Industry assesses itself in wake of Stroh decision

More than a week after the Stroh Brewery Co. dropped a bomb terminating 300 positions within the company, industry officials nationwide have only just begun to sort through the debris of questions that the monumental decision has left behind. Perhaps the biggest puzzle on most people's minds has been, "What next?"

Stroh answered one question almost immediately last week by implementing a "brokering" system in California. However, one Stroh wholesaler reported that this plan would only involve brewery representatives who will make "sales calls," while all other functions of the wholesalers will remain intact.

The wholesaler, who wished not to be identified, could not predict whether Stroh will spread the use of "brokers" nationwide, especially to those states with large grocery store chains as had been the speculation. But Mark Rodman, former general counsel, National Beer Wholesalers Association, and wholesaler consultant, does not see any legal problem with the shift. While there will be some probable lawsuits by wholesalers, Rodman noted, "if Stroh wishes to change its methods of distribution, it is free to do so."

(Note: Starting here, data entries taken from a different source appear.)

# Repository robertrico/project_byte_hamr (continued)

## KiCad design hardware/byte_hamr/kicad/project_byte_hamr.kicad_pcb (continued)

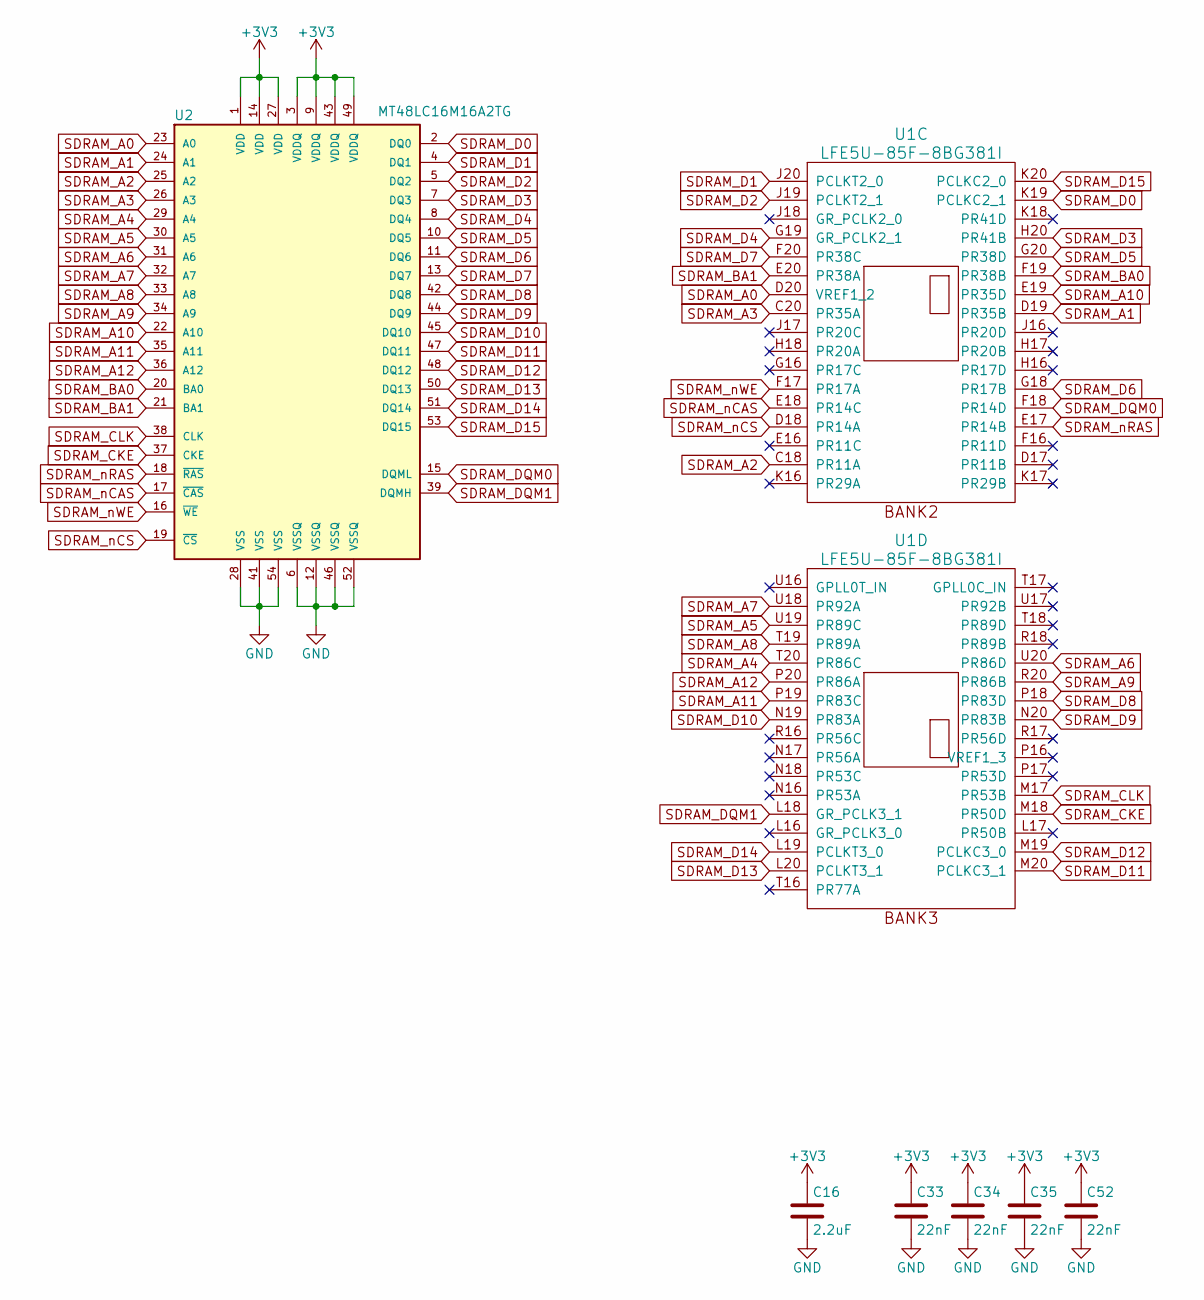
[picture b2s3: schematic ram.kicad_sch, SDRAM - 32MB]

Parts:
C16: 2.2uF; C_0805_2012Metric; MPN CL21B225KOFNNNE
C33, C34, C35, C52: 22nF; C_0603_1608Metric; MPN CX0603MRX7R8BB223
U1: LFE5U-85F-8BG381I; BGA-381_pitch0.8mm_dia0.4mm; MPN LFE5U-85F-8BG381I
U2: MT48LC16M16A2TG; TSOP54; MPN AS4C32M16SB-7TCNTR

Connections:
+3V3: C16.1, C33.1, C34.1, C35.1, C52.1, U2.1 (VDD), U2.3 (VDDQ), U2.9 (VDDQ), U2.14 (VDD), U2.27 (VDD), U2.43 (VDDQ), U2.49 (VDDQ); also elsewhere on the board
GND: C16.2, C33.2, C34.2, C35.2, C52.2, U2.6 (VSSQ), U2.12 (VSSQ), U2.28 (VSS), U2.41 (VSS), U2.46 (VSSQ), U2.52 (VSSQ), U2.54 (VSS); also elsewhere on the board
SDRAM_A0: U1.D20 (VREF1_2), U2.23 (A0)
SDRAM_A1: U1.D19 (PR35B), U2.24 (A1)
SDRAM_A2: U1.C18 (PR11A), U2.25 (A2)
SDRAM_A3: U1.C20 (PR35A), U2.26 (A3)
SDRAM_A4: U1.T20 (PR86C), U2.29 (A4)
SDRAM_A5: U1.U19 (PR89C), U2.30 (A5)
SDRAM_A6: U1.U20 (PR86D), U2.31 (A6)
SDRAM_A7: U1.U18 (PR92A), U2.32 (A7)
SDRAM_A8: U1.T19 (PR89A), U2.33 (A8)
SDRAM_A9: U1.R20 (PR86B), U2.34 (A9)
SDRAM_A10: U1.E19 (PR35D), U2.22 (A10)
SDRAM_A11: U1.P19 (PR83C), U2.35 (A11)
SDRAM_A12: U1.P20 (PR86A), U2.36 (A12)
SDRAM_BA0: U1.F19 (PR38B), U2.20 (BA0)
SDRAM_BA1: U1.E20 (PR38A), U2.21 (BA1)
SDRAM_CKE: U1.M18 (PR50D), U2.37 (CKE)
SDRAM_CLK: U1.M17 (PR53B), U2.38 (CLK)
SDRAM_D0: U1.K19 (PCLKC2_1), U2.2 (DQ0)
SDRAM_D1: U1.J20 (PCLKT2_0), U2.4 (DQ1)
SDRAM_D2: U1.J19 (PCLKT2_1), U2.5 (DQ2)
SDRAM_D3: U1.H20 (PR41B), U2.7 (DQ3)
SDRAM_D4: U1.G19 (GR_PCLK2_1), U2.8 (DQ4)
SDRAM_D5: U1.G20 (PR38D), U2.10 (DQ5)
SDRAM_D6: U1.G18 (PR17B), U2.11 (DQ6)
SDRAM_D7: U1.F20 (PR38C), U2.13 (DQ7)
SDRAM_D8: U1.P18 (PR83D), U2.42 (DQ8)
SDRAM_D9: U1.N20 (PR83B), U2.44 (DQ9)
SDRAM_D10: U1.N19 (PR83A), U2.45 (DQ10)
SDRAM_D11: U1.M20 (PCLKC3_1), U2.47 (DQ11)
SDRAM_D12: U1.M19 (PCLKC3_0), U2.48 (DQ12)
SDRAM_D13: U1.L20 (PCLKT3_1), U2.50 (DQ13)
SDRAM_D14: U1.L19 (PCLKT3_0), U2.51 (DQ14)
SDRAM_D15: U1.K20 (PCLKC2_0), U2.53 (DQ15)
SDRAM_DQM0: U1.F18 (PR14D), U2.15 (DQML)
SDRAM_DQM1: U1.L18 (GR_PCLK3_1), U2.39 (DQMH)
SDRAM_nCAS: U1.E18 (PR14C), U2.17 (~CAS)
SDRAM_nCS: U1.D18 (PR14A), U2.19 (~CS)
SDRAM_nRAS: U1.E17 (PR14B), U2.18 (~RAS)
SDRAM_nWE: U1.F17 (PR17A), U2.16 (~WE)

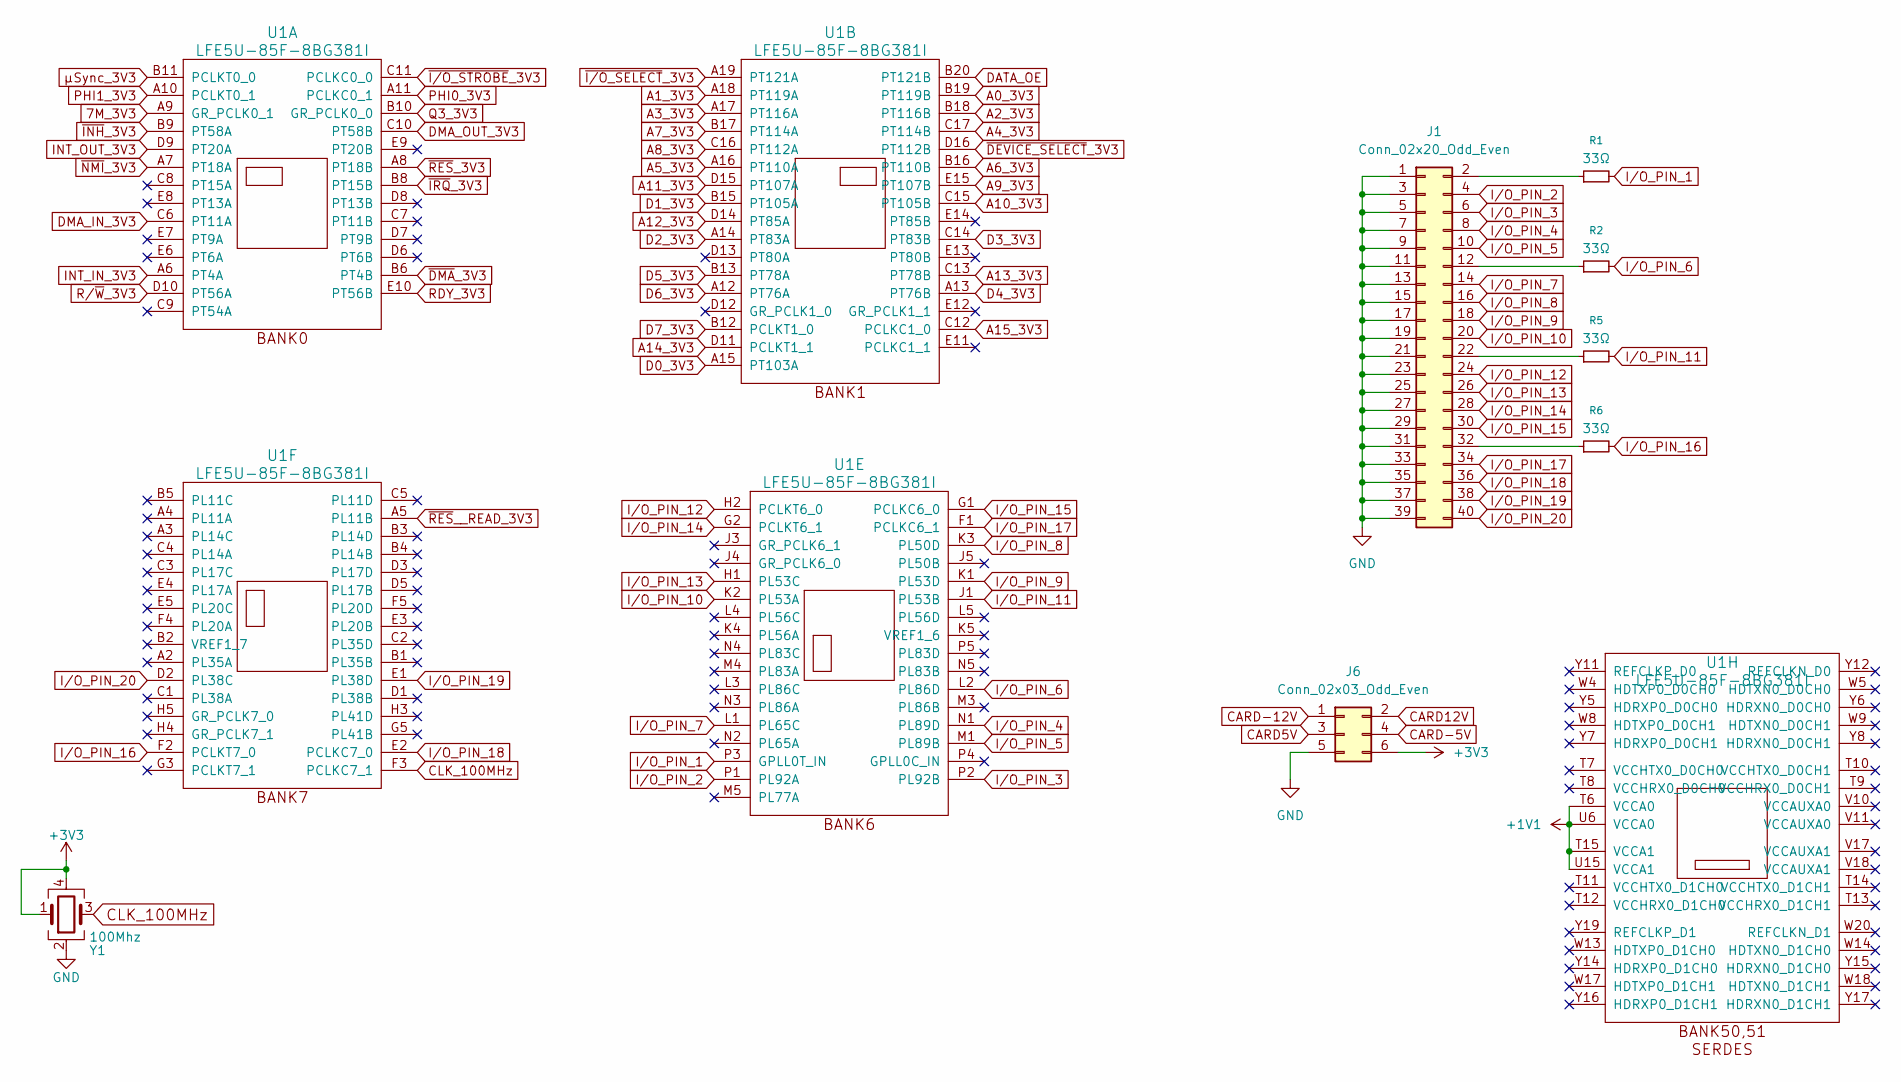
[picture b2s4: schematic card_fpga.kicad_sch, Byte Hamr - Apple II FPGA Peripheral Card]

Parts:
J1: Conn_02x20_Odd_Even; PinHeader_2x20_P2.54mm_Vertical
J6: Conn_02x03_Odd_Even; PinHeader_2x03_P2.54mm_Vertical
R1, R2, R5, R6: 33Ω; R_0603_1608Metric; MPN 0603WAF330JT5E
U1: LFE5U-85F-8BG381I; BGA-381_pitch0.8mm_dia0.4mm; MPN LFE5U-85F-8BG381I
Y1: 100Mhz; Crystal_SMD_7050_4Pads; MPN CWX813-100.0M

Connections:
7M_3V3: U1.A9 (GR_PCLK0_1); also elsewhere on the board
+1V1: U1.T6 (VCCA0), U1.T15 (VCCA1), U1.U6 (VCCA0), U1.U15 (VCCA1); also elsewhere on the board
+3V3: J6.6, Y1.1, Y1.4; also elsewhere on the board
A0_3V3: U1.B19 (PT119B); also elsewhere on the board
A1_3V3: U1.A18 (PT119A); also elsewhere on the board
A2_3V3: U1.B18 (PT116B); also elsewhere on the board
A3_3V3: U1.A17 (PT116A); also elsewhere on the board
A4_3V3: U1.C17 (PT114B); also elsewhere on the board
A5_3V3: U1.A16 (PT110A); also elsewhere on the board
A6_3V3: U1.B16 (PT110B); also elsewhere on the board
A7_3V3: U1.B17 (PT114A); also elsewhere on the board
A8_3V3: U1.C16 (PT112A); also elsewhere on the board
A9_3V3: U1.E15 (PT107B); also elsewhere on the board
A10_3V3: U1.C15 (PT105B); also elsewhere on the board
A11_3V3: U1.D15 (PT107A); also elsewhere on the board
A12_3V3: U1.D14 (PT85A); also elsewhere on the board
A13_3V3: U1.C13 (PT78B); also elsewhere on the board
A14_3V3: U1.D11 (PCLKT1_1); also elsewhere on the board
A15_3V3: U1.C12 (PCLKC1_0); also elsewhere on the board
CARD5V: J6.3; also elsewhere on the board
CARD12V: J6.2; also elsewhere on the board
CARD-5V: J6.4; also elsewhere on the board
CARD-12V: J6.1; also elsewhere on the board
CLK_100MHz: U1.F3 (PCLKC7_1), Y1.3
D0_3V3: U1.A15 (PT103A); also elsewhere on the board
D1_3V3: U1.B15 (PT105A); also elsewhere on the board
D2_3V3: U1.A14 (PT83A); also elsewhere on the board
D3_3V3: U1.C14 (PT83B); also elsewhere on the board
D4_3V3: U1.A13 (PT76B); also elsewhere on the board
D5_3V3: U1.B13 (PT78A); also elsewhere on the board
D6_3V3: U1.A12 (PT76A); also elsewhere on the board
D7_3V3: U1.B12 (PCLKT1_0); also elsewhere on the board
DATA_OE: U1.B20 (PT121B); also elsewhere on the board
DMA_IN_3V3: U1.C6 (PT11A); also elsewhere on the board
DMA_OUT_3V3: U1.C10 (PT58B); also elsewhere on the board
GND: J1.1, J1.3, J1.5, J1.7, J1.9, J1.11, J1.13, J1.15, J1.17, J1.19, J1.21, J1.23, J1.25, J1.27, J1.29, J1.31, J1.33, J1.35, J1.37, J1.39, J6.5, Y1.2; also elsewhere on the board
INT_IN_3V3: U1.A6 (PT4A); also elsewhere on the board
INT_OUT_3V3: U1.D9 (PT20A); also elsewhere on the board
I/O_PIN_1: R1.2, U1.P3 (GPLL0T_IN)
I/O_PIN_2: J1.4, U1.P1 (PL92A)
I/O_PIN_3: J1.6, U1.P2 (PL92B)
I/O_PIN_4: J1.8, U1.N1 (PL89D)
I/O_PIN_5: J1.10, U1.M1 (PL89B)
I/O_PIN_6: R2.2, U1.L2 (PL86D)
I/O_PIN_7: J1.14, U1.L1 (PL65C)
I/O_PIN_8: J1.16, U1.K3 (PL50D)
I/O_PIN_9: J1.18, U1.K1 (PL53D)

Additionally, Stroh would not be the first brewer to move away from the wholesaler practice. Anheuser-Busch, Inc. sells direct in markets where it owns distributorships, Rodman said, including Boston and New York.

Rumors fly

In the meantime, rumors and speculation continue to spread, while at Stroh--where "morale is down the toilet," according to one worker--employees must wait to see what the brewer has up its sleave.

"It certainly is a very disturbing situation, especially since we think that we do a good job for the brewer," said one Florida Stroh wholesaler, who asked not to be named. "This is kind of like waiting for a hurricane since you don't know which way the wind is going to blow."

The Florida wholesaler added that his state system has remained "pretty much in tact," although district managers will now assume the responsibilities of national account representatives, who have been removed.

Ron Rumbaugh, president, NBWA, explained that Stroh's decision "tends to weaken the three tier system--the most efficient system in the world."

The president added, however, that there is too much speculation "for the NBWA to take any steps to help the wholesalers."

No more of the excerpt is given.